Transistor quantum dot pertama didemonstrasikan hampir dua dekade lalu. Namun, mengintegrasikan perangkat tipe n dan p komplementer dalam lapisan kuantum dot yang sama tetap menjadi tantangan lama. Selain itu, sebagian besar upaya di bidang ini difokuskan pada nanokristal berbasis timbal dan kadmium. Unsur-unsur ini adalah logam berat yang sangat beracun, yang sangat membatasi kegunaan praktis dari perangkat yang diperlihatkan.

Tim peneliti Los Alamos dan kolaboratornya dari University of California, Irvine telah mendemonstrasikan bahwa dengan menggunakan titik kuantum tembaga indium selenide (CuInSe2) tanpa logam berat, mereka mampu mengatasi masalah toksisitas dan secara bersamaan mencapai integrasi langsung n – dan p-transistor dalam lapisan kuantum dot yang sama. Sebagai bukti kegunaan praktis dari pendekatan yang dikembangkan, mereka menciptakan sirkuit fungsional yang melakukan operasi logis.
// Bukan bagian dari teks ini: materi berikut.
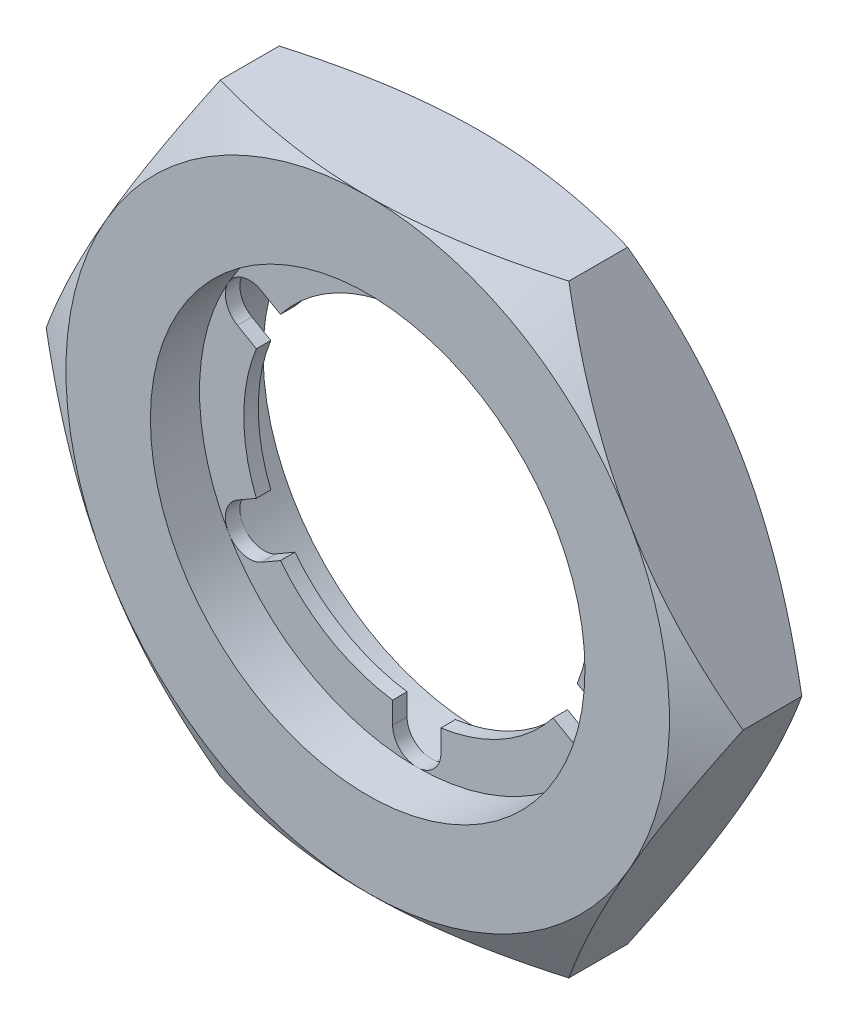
ISO-10303-21;
HEADER;
FILE_DESCRIPTION(('STEP AP214'),'2;1');
FILE_NAME('part.step','',(''),(''),'','','');
FILE_SCHEMA(('AUTOMOTIVE_DESIGN { 1 0 10303 214 1 1 1 1 }'));
ENDSEC;
DATA;
#1=APPLICATION_CONTEXT('core data for automotive mechanical design processes');
#2=APPLICATION_PROTOCOL_DEFINITION('international standard','automotive_design',2000,#1);
#3=PRODUCT_CONTEXT('',#1,'mechanical');
#4=PRODUCT('Part','Part','',(#3));
#5=PRODUCT_RELATED_PRODUCT_CATEGORY('part','',(#4));
#6=PRODUCT_DEFINITION_FORMATION('','',#4);
#7=PRODUCT_DEFINITION_CONTEXT('part definition',#1,'design');
#8=PRODUCT_DEFINITION('design','',#6,#7);
#9=PRODUCT_DEFINITION_SHAPE('','',#8);
#10=(LENGTH_UNIT() NAMED_UNIT(*) SI_UNIT(.MILLI.,.METRE.));
#11=(NAMED_UNIT(*) PLANE_ANGLE_UNIT() SI_UNIT($,.RADIAN.));
#12=(NAMED_UNIT(*) SI_UNIT($,.STERADIAN.) SOLID_ANGLE_UNIT());
#13=UNCERTAINTY_MEASURE_WITH_UNIT(LENGTH_MEASURE(1.E-05),#10,'distance_accuracy_value','');
#14=(GEOMETRIC_REPRESENTATION_CONTEXT(3) GLOBAL_UNCERTAINTY_ASSIGNED_CONTEXT((#13)) GLOBAL_UNIT_ASSIGNED_CONTEXT((#10,
#11,#12)) REPRESENTATION_CONTEXT('',''));
#15=CARTESIAN_POINT('',(0.,0.,0.));
#16=DIRECTION('',(0.,0.,1.));
#17=DIRECTION('',(1.,0.,0.));
#18=AXIS2_PLACEMENT_3D('',#15,#16,#17);
#19=CARTESIAN_POINT('',(21.650635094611,-37.5,-14.));
#20=DIRECTION('',(0.,0.,1.));
#21=DIRECTION('',(1.,0.,0.));
#22=AXIS2_PLACEMENT_3D('',#19,#20,#21);
#23=PLANE('',#22);
#24=CARTESIAN_POINT('',(0.,0.,-14.));
#25=DIRECTION('',(0.,0.,1.));
#26=DIRECTION('',(1.,0.,0.));
#27=AXIS2_PLACEMENT_3D('',#24,#25,#26);
#28=CIRCLE('',#27,37.5);
#29=CARTESIAN_POINT('',(32.4759526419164,18.75,-14.));
#30=VERTEX_POINT('',#29);
#31=CARTESIAN_POINT('',(0.,37.5,-14.));
#32=VERTEX_POINT('',#31);
#33=EDGE_CURVE('E511',#30,#32,#28,.T.);
#34=ORIENTED_EDGE('',*,*,#33,.F.);
#35=CARTESIAN_POINT('',(0.,0.,-14.));
#36=DIRECTION('',(0.,0.,1.));
#37=DIRECTION('',(1.,0.,0.));
#38=AXIS2_PLACEMENT_3D('',#35,#36,#37);
#39=CIRCLE('',#38,37.5);
#40=CARTESIAN_POINT('',(32.4759526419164,-18.75,-14.));
#41=VERTEX_POINT('',#40);
#42=EDGE_CURVE('E636',#41,#30,#39,.T.);
#43=ORIENTED_EDGE('',*,*,#42,.F.);
#44=CARTESIAN_POINT('',(0.,-37.5,-14.));
#45=VERTEX_POINT('',#44);
#46=EDGE_CURVE('E639',#45,#41,#39,.T.);
#47=ORIENTED_EDGE('',*,*,#46,.F.);
#48=CARTESIAN_POINT('',(-32.4759526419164,-18.75,-14.));
#49=VERTEX_POINT('',#48);
#50=EDGE_CURVE('E686',#49,#45,#39,.T.);
#51=ORIENTED_EDGE('',*,*,#50,.F.);
#52=CARTESIAN_POINT('',(-32.4759526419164,18.75,-14.));
#53=VERTEX_POINT('',#52);
#54=EDGE_CURVE('E1350',#53,#49,#39,.T.);
#55=ORIENTED_EDGE('',*,*,#54,.F.);
#56=EDGE_CURVE('E640',#32,#53,#39,.T.);
#57=ORIENTED_EDGE('',*,*,#56,.F.);
#58=EDGE_LOOP('',(#34,#43,#47,#51,#55,#57));
#59=FACE_BOUND('',#58,.T.);
#60=CARTESIAN_POINT('',(0.,0.,-14.));
#61=DIRECTION('',(0.,0.,1.));
#62=DIRECTION('',(1.,0.,0.));
#63=AXIS2_PLACEMENT_3D('',#60,#61,#62);
#64=CIRCLE('',#63,27.);
#65=CARTESIAN_POINT('',(27.,0.,-14.));
#66=VERTEX_POINT('',#65);
#67=EDGE_CURVE('E46',#66,#66,#64,.F.);
#68=ORIENTED_EDGE('',*,*,#67,.F.);
#69=EDGE_LOOP('',(#68));
#70=FACE_BOUND('',#69,.T.);
#71=ADVANCED_FACE('F37',(#59,#70),#23,.F.);
#72=CARTESIAN_POINT('',(0.,0.,-14.));
#73=DIRECTION('',(0.,0.,1.));
#74=DIRECTION('',(1.,0.,0.));
#75=AXIS2_PLACEMENT_3D('',#72,#73,#74);
#76=CYLINDRICAL_SURFACE('',#75,21.5);
#77=DIRECTION('',(0.,0.,1.));
#78=VECTOR('',#77,1.);
#79=CARTESIAN_POINT('',(3.00000000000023,21.2896688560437,-14.));
#80=LINE('',#79,#78);
#81=CARTESIAN_POINT('',(3.00000000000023,21.2896688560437,-7.9));
#82=VERTEX_POINT('',#81);
#83=CARTESIAN_POINT('',(3.00000000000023,21.2896688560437,-6.1));
#84=VERTEX_POINT('',#83);
#85=EDGE_CURVE('E474',#82,#84,#80,.T.);
#86=ORIENTED_EDGE('',*,*,#85,.F.);
#87=CARTESIAN_POINT('',(0.,0.,-7.9));
#88=DIRECTION('',(0.,0.,1.));
#89=DIRECTION('',(1.,0.,0.));
#90=AXIS2_PLACEMENT_3D('',#87,#88,#89);
#91=CIRCLE('',#90,21.5);
#92=CARTESIAN_POINT('',(16.9373940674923,13.2429106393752,-7.9));
#93=VERTEX_POINT('',#92);
#94=EDGE_CURVE('E933',#82,#93,#91,.F.);
#95=ORIENTED_EDGE('',*,*,#94,.T.);
#96=DIRECTION('',(0.,0.,1.));
#97=VECTOR('',#96,1.);
#98=CARTESIAN_POINT('',(16.9373940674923,13.2429106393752,-14.));
#99=LINE('',#98,#97);
#100=CARTESIAN_POINT('',(16.9373940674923,13.2429106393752,-6.1));
#101=VERTEX_POINT('',#100);
#102=EDGE_CURVE('E514',#93,#101,#99,.T.);
#103=ORIENTED_EDGE('',*,*,#102,.T.);
#104=CARTESIAN_POINT('',(0.,0.,-6.1));
#105=DIRECTION('',(0.,0.,1.));
#106=DIRECTION('',(1.,0.,0.));
#107=AXIS2_PLACEMENT_3D('',#104,#105,#106);
#108=CIRCLE('',#107,21.5);
#109=EDGE_CURVE('E414',#84,#101,#108,.F.);
#110=ORIENTED_EDGE('',*,*,#109,.F.);
#111=EDGE_LOOP('',(#86,#95,#103,#110));
#112=FACE_BOUND('',#111,.T.);
#113=ADVANCED_FACE('F648',(#112),#76,.F.);
#114=DIRECTION('',(0.,0.,1.));
#115=VECTOR('',#114,1.);
#116=CARTESIAN_POINT('',(-16.9373940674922,13.2429106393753,-14.));
#117=LINE('',#116,#115);
#118=CARTESIAN_POINT('',(-16.9373940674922,13.2429106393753,-7.9));
#119=VERTEX_POINT('',#118);
#120=CARTESIAN_POINT('',(-16.9373940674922,13.2429106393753,-6.1));
#121=VERTEX_POINT('',#120);
#122=EDGE_CURVE('E481',#119,#121,#117,.T.);
#123=ORIENTED_EDGE('',*,*,#122,.F.);
#124=CARTESIAN_POINT('',(0.,0.,-7.9));
#125=DIRECTION('',(0.,0.,1.));
#126=DIRECTION('',(1.,0.,0.));
#127=AXIS2_PLACEMENT_3D('',#124,#125,#126);
#128=CIRCLE('',#127,21.5);
#129=CARTESIAN_POINT('',(-2.99999999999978,21.2896688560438,-7.9));
#130=VERTEX_POINT('',#129);
#131=EDGE_CURVE('E866',#119,#130,#128,.F.);
#132=ORIENTED_EDGE('',*,*,#131,.T.);
#133=DIRECTION('',(0.,0.,1.));
#134=VECTOR('',#133,1.);
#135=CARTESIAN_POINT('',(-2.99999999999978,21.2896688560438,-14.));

Inovasi yang disajikan Klimov dan rekannya dalam makalah baru mereka memungkinkan mereka untuk mendefinisikan transistor tipe p dan n dengan menerapkan dua jenis kontak logam yang berbeda (masing-masing emas dan indium). Mereka menyelesaikan perangkat dengan menyimpan lapisan titik kuantum umum di atas kontak berpola sebelumnya. “Pendekatan ini memungkinkan integrasi langsung dari sejumlah transistor tipe p dan n komplementer ke dalam lapisan kuantum dot yang sama yang disiapkan sebagai film tanpa pola dan kontinu melalui spin-coating standar,” kata Klimov.


Dioda laser kuantum dot koloid hanya sekitar sudut


Informasi lebih lanjut:
Hyeong Jin Yun dkk, Sirkuit CMOS terintegrasi yang dapat diproses solusi berdasarkan titik kuantum CuInSe2 koloid, Komunikasi Alam (2020). DOI: 10.1038 / s41467-020-18932-5

Disediakan oleh Laboratorium Nasional Los Alamos

Kutipan: Transistor kuantum-dot terobosan menciptakan alternatif yang fleksibel untuk elektronik konvensional (2020, 29 Oktober) diakses 27 November 2020 dari https://techxplore.com/news/2020-10-breakthrough-quantum-dot-transistors-flexible-alternative. html

Dokumen ini memiliki hak cipta. Selain dari transaksi yang adil untuk tujuan studi atau penelitian pribadi, tidak ada bagian yang boleh direproduksi tanpa izin tertulis. Konten disediakan untuk tujuan informasi saja.